**Work order**.
Precisely the lines from the one with "with BuildSketch(Plane.XY, mode=Mode.PRIVATE)" through the end of the data, both included, must make up the response, each restated word for word.

Recorded data
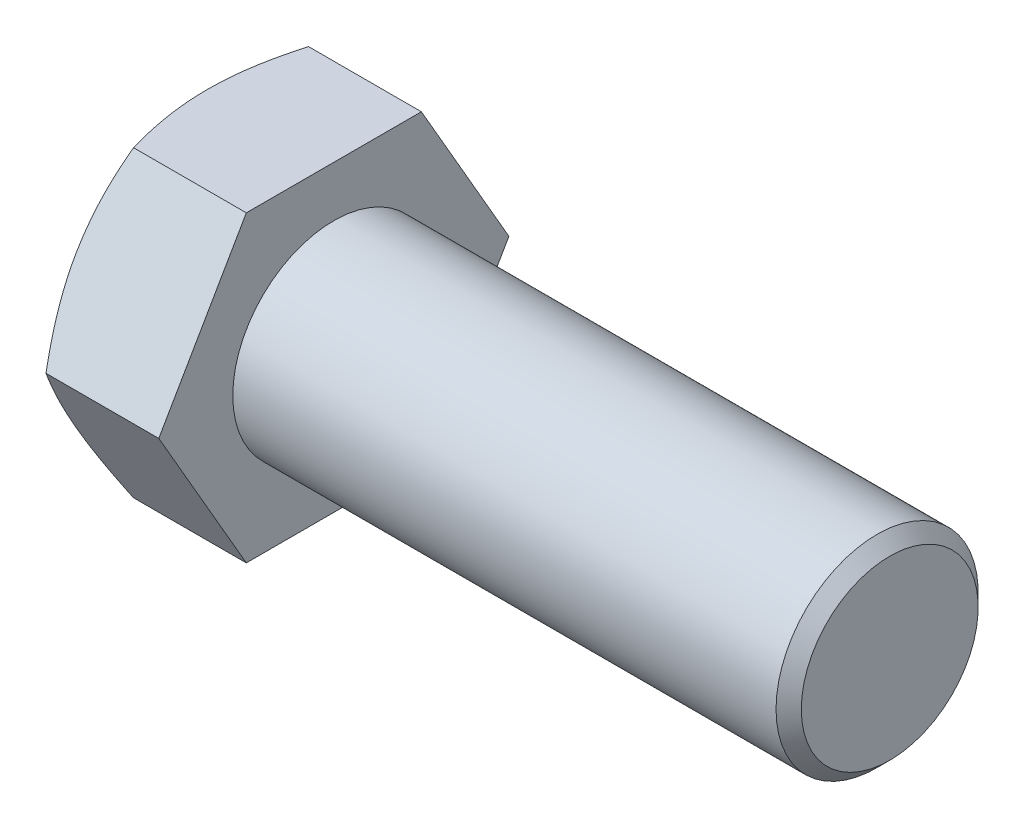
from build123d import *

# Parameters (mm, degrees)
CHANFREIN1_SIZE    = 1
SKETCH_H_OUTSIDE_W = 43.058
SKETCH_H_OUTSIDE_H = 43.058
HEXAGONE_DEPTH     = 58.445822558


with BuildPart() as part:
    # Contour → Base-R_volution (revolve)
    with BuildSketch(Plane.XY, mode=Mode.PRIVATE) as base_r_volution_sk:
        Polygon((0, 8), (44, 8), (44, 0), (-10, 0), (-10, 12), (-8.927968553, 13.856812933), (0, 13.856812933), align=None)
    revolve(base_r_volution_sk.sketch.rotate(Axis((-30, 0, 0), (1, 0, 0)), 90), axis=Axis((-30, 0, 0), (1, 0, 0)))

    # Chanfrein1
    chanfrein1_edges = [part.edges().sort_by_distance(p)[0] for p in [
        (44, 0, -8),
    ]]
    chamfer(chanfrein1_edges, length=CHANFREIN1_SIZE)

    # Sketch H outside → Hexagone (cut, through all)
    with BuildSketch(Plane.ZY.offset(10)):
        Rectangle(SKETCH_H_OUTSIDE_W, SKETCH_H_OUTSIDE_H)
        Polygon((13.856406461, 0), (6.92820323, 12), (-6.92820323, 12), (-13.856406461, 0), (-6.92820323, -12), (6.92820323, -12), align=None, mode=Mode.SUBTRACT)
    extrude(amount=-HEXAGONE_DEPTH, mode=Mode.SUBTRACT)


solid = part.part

**Result of this task**.
    with BuildSketch(Plane.XY, mode=Mode.PRIVATE) as base_r_volution_sk:
        Polygon((0, 8), (44, 8), (44, 0), (-10, 0), (-10, 12), (-8.927968553, 13.856812933), (0, 13.856812933), align=None)
    revolve(base_r_volution_sk.sketch.rotate(Axis((-30, 0, 0), (1, 0, 0)), 90), axis=Axis((-30, 0, 0), (1, 0, 0)))

    # Chanfrein1
    chanfrein1_edges = [part.edges().sort_by_distance(p)[0] for p in [
        (44, 0, -8),
    ]]
    chamfer(chanfrein1_edges, length=CHANFREIN1_SIZE)

    # Sketch H outside → Hexagone (cut, through all)
    with BuildSketch(Plane.ZY.offset(10)):
        Rectangle(SKETCH_H_OUTSIDE_W, SKETCH_H_OUTSIDE_H)
        Polygon((13.856406461, 0), (6.92820323, 12), (-6.92820323, 12), (-13.856406461, 0), (-6.92820323, -12), (6.92820323, -12), align=None, mode=Mode.SUBTRACT)
    extrude(amount=-HEXAGONE_DEPTH, mode=Mode.SUBTRACT)


solid = part.part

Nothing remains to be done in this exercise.